How finely tuned is gravity? -- Well, the strength of gravity could be at any one of 14 billion billion billion settings, but there is only one setting which is adequate (and optimal) for a universe with intelligent life to exist.
-- To illustrate: This is as if you had a measuring tape with one-inch sections stretched across the known universe, it would be 14 billion billion billion inches long, and only one or two of those inches in the middle is the optimal strength-setting for gravity. If you moved the strength-setting to the right or left just a couple of inches, then intelligent life could not exist (though bacterial life might survive with gravity stronger or weaker by one setting up or down).

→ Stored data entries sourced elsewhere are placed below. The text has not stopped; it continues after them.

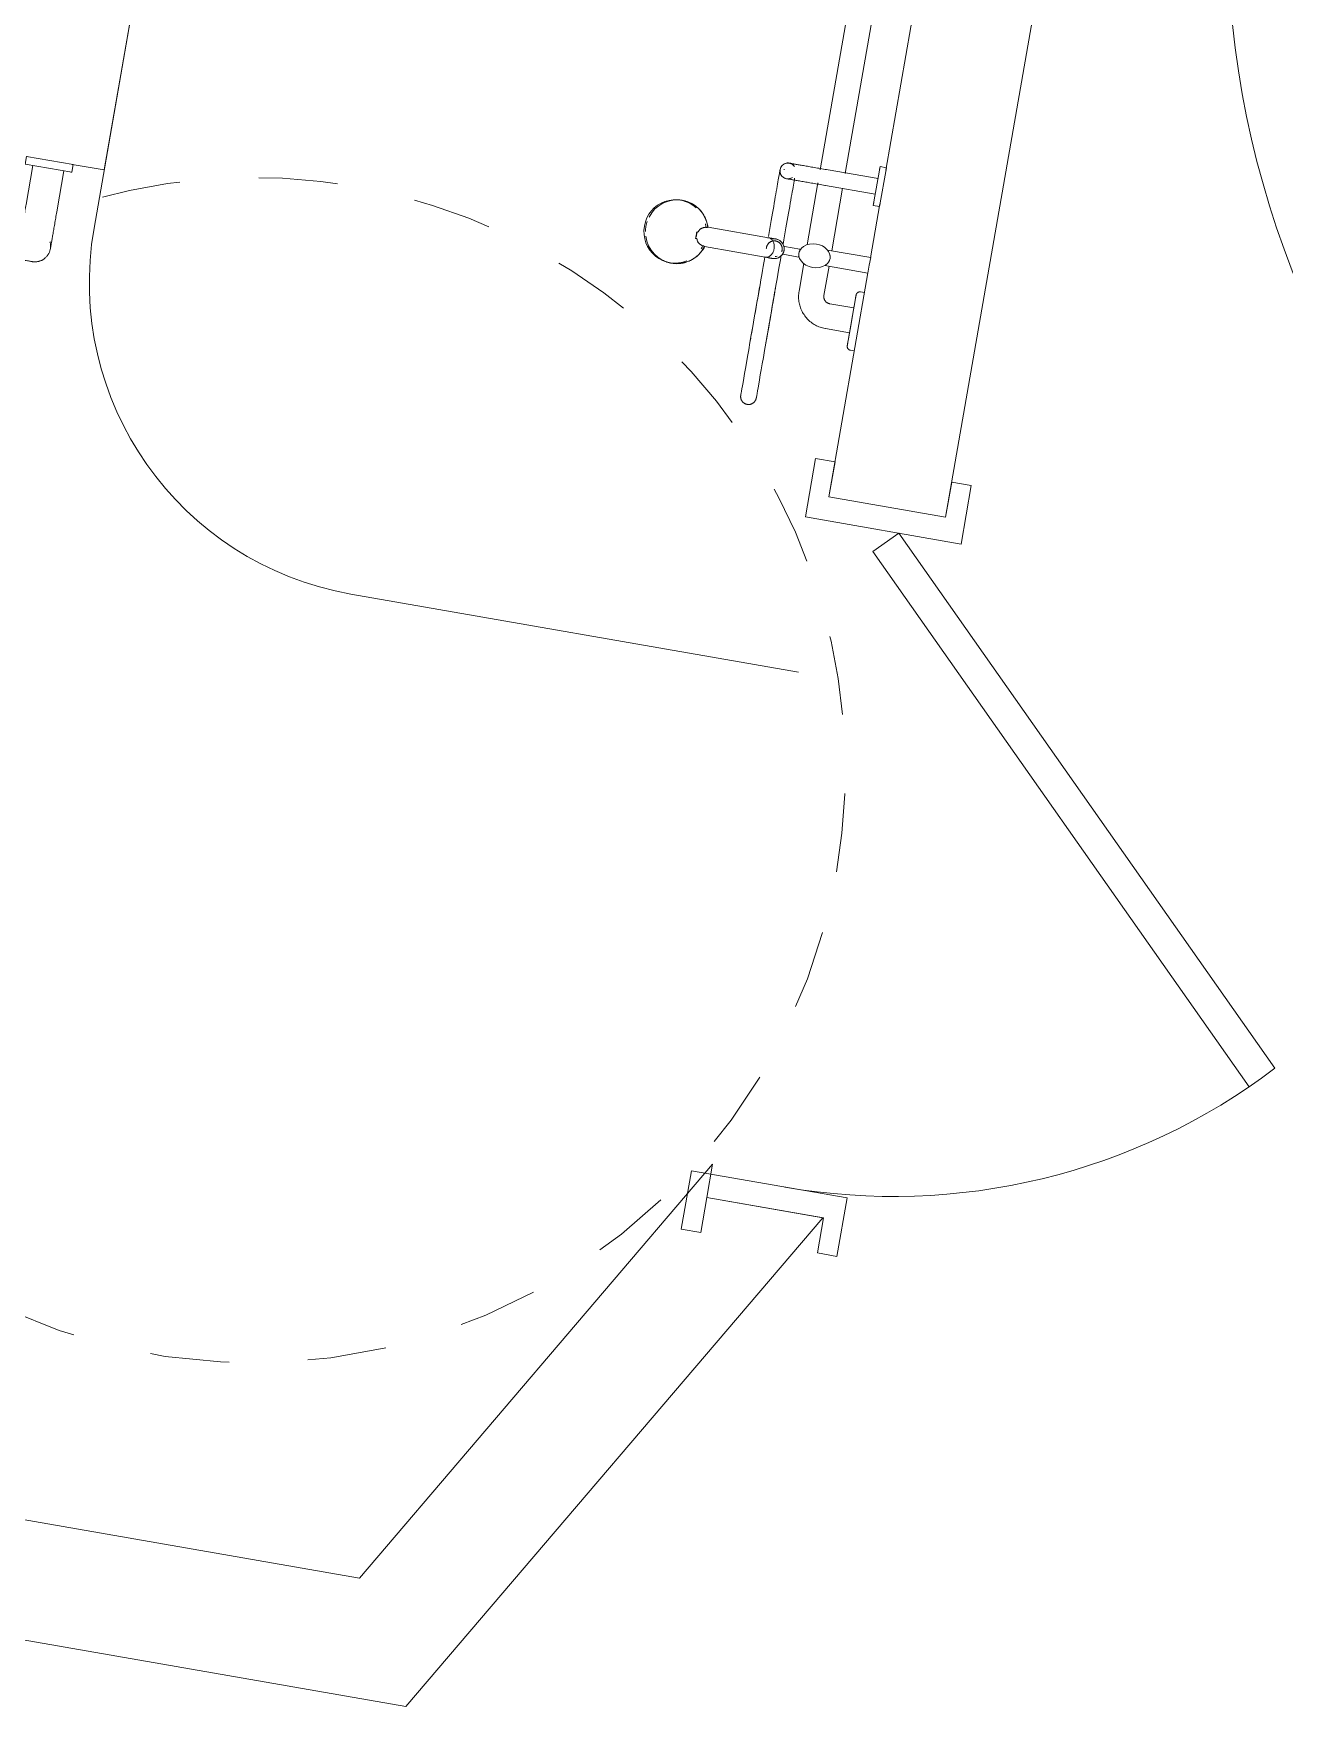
# Model space of a CAD drawing. Extents: x 274235 to 276654, y 142848 to 144425.
# Drawn here: x 276086.19 to 276087.774, y 143065.302 to 143067.419 of the extents above; entities that cross this region are included whole.
import ezdxf

# ---------------------------------------------------------------- set-up
doc = ezdxf.new("R2010")
doc.units = 0
doc.header["$LTSCALE"] = 1.5
doc.linetypes.add('Hidden 1_16_', pattern=[2.38125, 1.5875, -0.79375])
doc.layers.get('0').update_dxf_attribs({"linetype": 'CONTINUOUS', "lineweight": 0})
for name, color, linetype, lineweight in [('_ACM-A-DETL', 7, 'CONTINUOUS', 5), ('_ACM-A-DOOR', 1, 'CONTINUOUS', 5), ('_ACM-A-EQPM', 3, 'CONTINUOUS', 5), ('_ACM-A-FLOR-SPCL', 1, 'CONTINUOUS', 5), ('_ACM-A-OTHER', 1, 'CONTINUOUS', 5), ('_ACM-A-WALL-FULL', 6, 'CONTINUOUS', 13)]:
    doc.layers.add(name, color=color, linetype=linetype, lineweight=lineweight)
pattern_1 = [(180, (649.6, 37.229), (-2e-15, 15), [])]

# ---------------------------------------------------------------- blocks, each defined once
blk = doc.blocks.new('ACM_Door-Regular-Single - 1323_1200_ S-2217205-F5_Working')
at = {"layer": '_ACM-A-DOOR'}
for p, q in [((-695, 100), (-620, 100)), ((-695, 75), (-695, 100)), ((-620, 100), (-620, -100)), ((620, 100), (695, 100)), ((620, -100), (620, 100)), ((695, 100), (695, 75)), ((-650, 75), (-695, 75)), ((-650, -75), (-650, 75)), ((650, 75), (650, -75)), ((695, 75), (650, 75)), ((580, -1220), (580, -20)), ((580, -20), (620, -20)), ((620, -20), (620, -1219.4)), ((-695, -75), (-650, -75)), ((-695, -100), (-695, -75)), ((650, -75), (695, -75)), ((695, -75), (695, -100)), ((-620, -100), (-695, -100)), ((695, -100), (620, -100)), ((580, -1220), (620, -1219.4))]:
    blk.add_line(p, q, dxfattribs=at)
blk.add_arc((580, -20), 1200, 180, 270, dxfattribs=at)
blk = doc.blocks.new('GRAB_RAIL_L_shape - FIRT-006-V108-F5_Working')
at = {"layer": '_ACM-A-EQPM'}
for p, q in [((-111.8, 500), (-111.8, 490)), ((-111.8, 490), (-110.7, 490)), ((-111.8, 490), (-51.8, 490)), ((-101.8, 490), (-101.8, 440)), ((-61.8, 440), (-61.8, 490)), ((-52.8, 490), (-51.8, 490)), ((-51.8, 490), (-51.8, 500)), ((463.5, 500), (463.5, 490)), ((463.5, 490), (464.5, 490)), ((463.5, 490), (523.5, 490)), ((483.5, 490), (483.5, 410)), ((503.5, 410), (503.5, 490)), ((522.5, 490), (523.5, 490)), ((523.5, 490), (523.5, 500)), ((663.5, 500), (663.5, 490)), ((723.5, 500), (663.5, 500)), ((664.5, 500), (663.5, 500)), ((663.5, 490), (664.5, 490)), ((663.5, 490), (723.5, 490)), ((673.5, 490), (673.5, 440)), ((713.5, 440), (713.5, 490)), ((723.5, 500), (722.5, 500)), ((722.5, 490), (723.5, 490)), ((723.5, 490), (723.5, 500)), ((483.5, 410), (-31.8, 410)), ((573.5, 410), (503.5, 410)), ((-31.8, 370), (493.5, 370)), ((493.5, 370), (573.5, 370))]:
    blk.add_line(p, q, dxfattribs=at)
at = {"layer": '_ACM-A-EQPM', "flags": 128}
for points in [[(-101.8, 440), (-101.7, 437.2), (-101.5, 434.4), (-101.2, 431.6), (-100.9, 428.8), (-100.4, 426.1), (-99.7, 423.4), (-99, 420.7), (-98.2, 418), (-97.3, 415.3), (-96.2, 412.7), (-95.1, 410.2), (-93.8, 407.7), (-92.5, 405.2), (-91.1, 402.8), (-89.5, 400.5), (-87.9, 398.2), (-86.2, 396), (-84.4, 393.8), (-82.5, 391.8), (-80.5, 389.8), (-78.5, 387.9), (-76.4, 386), (-74.2, 384.3), (-71.9, 382.7), (-69.6, 381.1), (-67.2, 379.6), (-64.7, 378.3), (-62.2, 377), (-59.7, 375.8), (-57.1, 374.8), (-54.5, 373.8), (-51.8, 372.9), (-49.1, 372.2), (-46.4, 371.5), (-43.6, 371), (-40.9, 370.6), (-38.1, 370.3), (-35.3, 370.1), (-32.5, 370), (-31.8, 370)], [(-31.8, 410), (-33, 410), (-34.1, 410.1), (-35.3, 410.2), (-36.5, 410.4), (-37.7, 410.6), (-38.9, 410.9), (-40, 411.2), (-41.2, 411.5), (-42.3, 411.9), (-43.4, 412.4), (-44.5, 412.9), (-45.6, 413.4), (-46.7, 414), (-47.7, 414.6), (-48.7, 415.2), (-49.7, 415.9), (-50.6, 416.7), (-51.5, 417.4), (-52.4, 418.3), (-53.3, 419.1), (-54.1, 420), (-54.9, 420.9), (-55.6, 421.8), (-56.3, 422.8), (-57, 423.8), (-57.6, 424.8), (-58.2, 425.9), (-58.8, 426.9), (-59.3, 428), (-59.7, 429.1), (-60.1, 430.3), (-60.5, 431.4), (-60.8, 432.6), (-61.1, 433.7), (-61.3, 434.9), (-61.5, 436.1), (-61.6, 437.3), (-61.7, 438.5), (-61.7, 439.7), (-61.8, 440)], [(673.5, 440), (673.5, 438), (673.5, 436), (673.5, 434), (673.5, 432), (673.5, 430.1), (673.5, 428.1), (673.5, 426.2), (673.5, 424.3), (673.5, 422.4), (673.5, 420.5), (673.5, 418.7), (673.5, 416.9), (673.5, 415.2), (673.5, 413.4), (673.5, 411.8), (673.5, 410.1), (673.5, 408.6), (673.5, 407), (673.5, 405.6), (673.5, 404.1), (673.5, 402.8), (673.5, 401.5), (673.5, 400.2), (673.5, 399), (673.5, 397.9), (673.5, 396.9), (673.5, 395.9), (673.5, 395), (673.5, 394.2), (673.5, 393.4), (673.5, 392.7), (673.5, 392.1), (673.5, 391.6), (673.5, 391.1), (673.5, 390.7), (673.5, 390.4), (673.5, 390.2), (673.5, 390.1), (673.5, 390)], [(713.5, 390), (713.5, 390), (713.5, 390.2), (713.5, 390.4), (713.5, 390.6), (713.5, 391), (713.5, 391.4), (713.5, 391.9), (713.5, 392.5), (713.5, 393.2), (713.5, 393.9), (713.5, 394.8), (713.5, 395.7), (713.5, 396.6), (713.5, 397.6), (713.5, 398.7), (713.5, 399.9), (713.5, 401.1), (713.5, 402.4), (713.5, 403.8), (713.5, 405.2), (713.5, 406.6), (713.5, 408.1), (713.5, 409.7), (713.5, 411.3), (713.5, 413), (713.5, 414.7), (713.5, 416.4), (713.5, 418.2), (713.5, 420), (713.5, 421.9), (713.5, 423.8), (713.5, 425.7), (713.5, 427.6), (713.5, 429.5), (713.5, 431.5), (713.5, 433.5), (713.5, 435.5), (713.5, 437.5), (713.5, 439.5), (713.5, 440)], [(573.5, 410), (578.3, 410), (583.1, 410), (587.9, 410), (592.6, 410), (597.3, 410), (602, 410), (606.7, 410), (611.3, 410), (615.8, 410), (620.2, 410), (624.6, 410), (628.9, 410), (633.1, 410), (637.2, 410), (641.3, 410), (645.2, 410), (649, 410), (652.6, 410), (656.2, 410), (659.6, 410), (662.9, 410), (666, 410), (669, 410), (671.8, 410), (674.4, 410)], [(711.5, 398.7), (711.8, 398), (712.1, 397.2), (712.4, 396.5), (712.7, 395.7), (712.9, 395), (713.1, 394.2), (713.2, 393.4), (713.3, 392.6), (713.4, 391.8), (713.5, 391), (713.5, 390.2), (713.5, 389.4), (713.5, 388.6), (713.4, 387.8), (713.3, 387), (713.1, 386.2), (713, 385.5), (712.8, 384.7), (712.6, 383.9), (712.3, 383.2), (712, 382.4), (711.7, 381.7), (711.3, 381), (711, 380.3), (710.6, 379.6), (710.1, 378.9), (709.7, 378.2), (709.2, 377.6), (708.7, 377), (708.2, 376.4), (707.6, 375.8), (707, 375.3), (706.4, 374.7), (705.8, 374.2), (705.2, 373.7), (704.5, 373.3), (703.8, 372.9), (703.1, 372.5), (702.4, 372.1), (701.7, 371.8), (701, 371.4), (700.2, 371.2), (699.4, 370.9), (698.7, 370.7), (697.9, 370.5), (697.1, 370.3), (696.3, 370.2), (695.5, 370.1), (694.7, 370), (693.9, 370), (693.5, 370)], [(693.5, 370), (693.4, 370), (693.1, 370), (692.6, 370), (692, 370), (691.1, 370), (690.1, 370), (688.8, 370), (687.4, 370), (685.8, 370), (684, 370), (682.1, 370), (679.9, 370), (677.6, 370), (675.2, 370), (672.5, 370), (669.8, 370), (666.8, 370), (663.7, 370), (660.5, 370), (657.1, 370), (653.6, 370), (650, 370), (646.2, 370), (642.3, 370), (638.3, 370), (634.3, 370), (630.1, 370), (625.8, 370), (621.4, 370), (617, 370), (612.5, 370), (607.9, 370), (603.3, 370), (598.6, 370), (593.9, 370), (589.2, 370), (584.4, 370), (579.6, 370), (574.8, 370), (573.5, 370)]]:
    blk.add_lwpolyline(points, dxfattribs=at)
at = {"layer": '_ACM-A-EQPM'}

THE PROBABILITY: Although the force of gravity could obviously have attained a large number of wrong magnitude-ranges, the chance of it being correct for intelligent life to exist, is one chance out of 14 billion billion billion. --Thus, we can conservatively say that it was about one chance out of 1,000,000,000,000,000,000,000 (or 1 out of 10^21, or 1 out of a billion trillions) that the force of gravity might have randomly attained such an advantageous strength for the making of life-necessary elements in the stars.
1.2b. The Strong Nuclear Force
This is the force which binds the protons and neutrons together in atomic nuclei.
If the strong nuclear force were very slightly weaker by just one part in 10,000 billion billion billion billion, then protons and neutrons would not stick together, and the only element possible in the universe, would be hydrogen only. There would be no stars, and no planets or life in the universe. (Ref., Dr. Robin Collins of Messiah College).
However, if the strong nuclear force were slightly too strong by the same fraction amount, the protons and neutrons would tend to stick together so much that there would basically only be heavy elements, but no hydrogen at all --If this were the case, then life would also not be possible, because hydrogen is a key element in water and in all life-chemistry.
THE PROBABILITY: If the strong nuclear force were slightly weaker or stronger than it in fact is, then life would be impossible. Therefore, we can very conservatively say that it was about one chance out of 1,000,000,000,000 (1 out of a trillion) that the strong nuclear force might have randomly possessed the correct strength to make life possible in our cosmos.
1,2c. The Weak Nuclear Force
The weak nuclear force is what controls the rates at which radioactive elements decay. If this force were slightly stronger, the matter would decay into the heavy elements in a relatively short time. However, if it were significantly weaker, all matter would almost totally exist in the form of the lightest elements, especially hydrogen and helium ---there would be (for example) virtually no oxygen, carbon or nitrogen, which are essential for life.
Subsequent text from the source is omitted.